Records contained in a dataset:
■ ■ ■ ■ ■

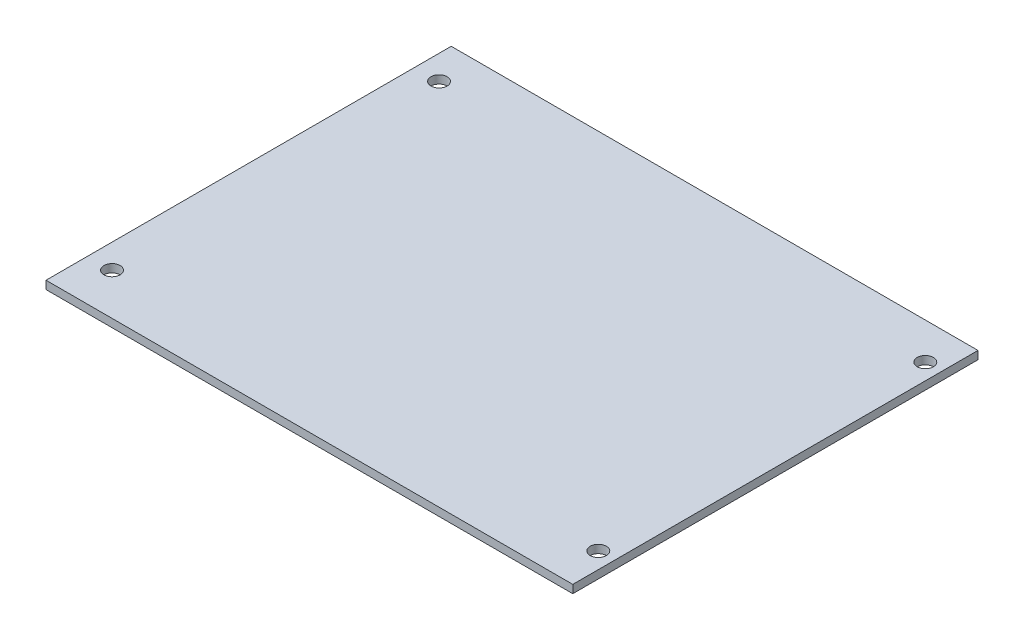
from build123d import *

# Parameters (mm, degrees)
SKETCH1_W           = 130
SKETCH1_H           = 100
SKETCH1_R           = 2
BOSS_EXTRUDE1_DEPTH = 2


with BuildPart() as part:
    # Sketch1 → Boss-Extrude1 (new body)
    with BuildSketch(Plane(origin=(0, 0, 0), x_dir=(1, 0, 0), z_dir=(0, 1, 0))):
        with Locations((65, 50)):
            Rectangle(SKETCH1_W, SKETCH1_H)
        with Locations(Location((6, 10.3, 0), (0, 0, 270))):
            Circle(SKETCH1_R, mode=Mode.SUBTRACT)
        with Locations(Location((126, 10.3, 0), (0, 0, 270))):
            Circle(SKETCH1_R, mode=Mode.SUBTRACT)
        with Locations(Location((126, 91, 0), (0, 0, 270))):
            Circle(SKETCH1_R, mode=Mode.SUBTRACT)
        with Locations(Location((6, 91, 0), (0, 0, 270))):
            Circle(SKETCH1_R, mode=Mode.SUBTRACT)
    extrude(amount=BOSS_EXTRUDE1_DEPTH)


solid = part.part

■ ■ ■ ■ ■

Directions: Please make your reply exactly the lines from the one containing "extrude(amount=BOSS_EXTRUDE1_DEPTH)" through the end of the entries above, and nothing more.

Answer area:
    extrude(amount=BOSS_EXTRUDE1_DEPTH)


solid = part.part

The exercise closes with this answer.